Dataset records:

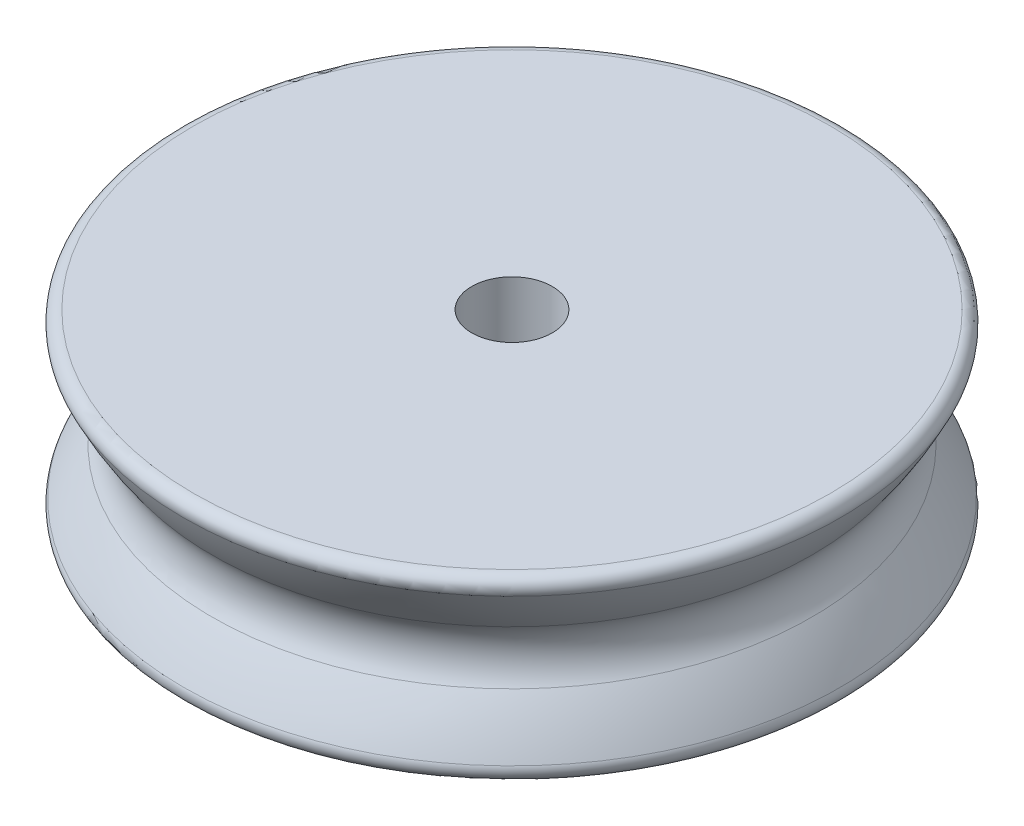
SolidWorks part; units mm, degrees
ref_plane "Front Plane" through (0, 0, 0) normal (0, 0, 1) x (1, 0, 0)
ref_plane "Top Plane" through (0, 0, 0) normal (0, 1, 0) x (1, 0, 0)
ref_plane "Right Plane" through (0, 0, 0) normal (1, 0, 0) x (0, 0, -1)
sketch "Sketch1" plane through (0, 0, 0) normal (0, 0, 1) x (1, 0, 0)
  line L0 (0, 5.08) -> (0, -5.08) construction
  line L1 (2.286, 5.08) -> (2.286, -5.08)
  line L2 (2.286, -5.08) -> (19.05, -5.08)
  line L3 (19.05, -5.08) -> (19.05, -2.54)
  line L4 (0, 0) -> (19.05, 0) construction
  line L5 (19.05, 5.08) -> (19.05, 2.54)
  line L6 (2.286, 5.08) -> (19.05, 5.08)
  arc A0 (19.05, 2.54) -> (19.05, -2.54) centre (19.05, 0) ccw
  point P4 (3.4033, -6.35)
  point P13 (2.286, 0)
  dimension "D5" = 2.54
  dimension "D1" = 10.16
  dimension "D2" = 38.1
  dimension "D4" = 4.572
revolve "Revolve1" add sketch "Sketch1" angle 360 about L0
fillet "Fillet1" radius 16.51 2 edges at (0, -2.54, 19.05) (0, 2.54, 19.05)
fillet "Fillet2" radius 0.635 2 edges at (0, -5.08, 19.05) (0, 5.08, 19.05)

Your task: Skip the pictures and output all entries exactly.

Task result:
SolidWorks part; units mm, degrees
ref_plane "Front Plane" through (0, 0, 0) normal (0, 0, 1) x (1, 0, 0)
ref_plane "Top Plane" through (0, 0, 0) normal (0, 1, 0) x (1, 0, 0)
ref_plane "Right Plane" through (0, 0, 0) normal (1, 0, 0) x (0, 0, -1)
sketch "Sketch1" plane through (0, 0, 0) normal (0, 0, 1) x (1, 0, 0)
  line L0 (0, 5.08) -> (0, -5.08) construction
  line L1 (2.286, 5.08) -> (2.286, -5.08)
  line L2 (2.286, -5.08) -> (19.05, -5.08)
  line L3 (19.05, -5.08) -> (19.05, -2.54)
  line L4 (0, 0) -> (19.05, 0) construction
  line L5 (19.05, 5.08) -> (19.05, 2.54)
  line L6 (2.286, 5.08) -> (19.05, 5.08)
  arc A0 (19.05, 2.54) -> (19.05, -2.54) centre (19.05, 0) ccw
  point P4 (3.4033, -6.35)
  point P13 (2.286, 0)
  dimension "D5" = 2.54
  dimension "D1" = 10.16
  dimension "D2" = 38.1
  dimension "D4" = 4.572
revolve "Revolve1" add sketch "Sketch1" angle 360 about L0
fillet "Fillet1" radius 16.51 2 edges at (0, -2.54, 19.05) (0, 2.54, 19.05)
fillet "Fillet2" radius 0.635 2 edges at (0, -5.08, 19.05) (0, 5.08, 19.05)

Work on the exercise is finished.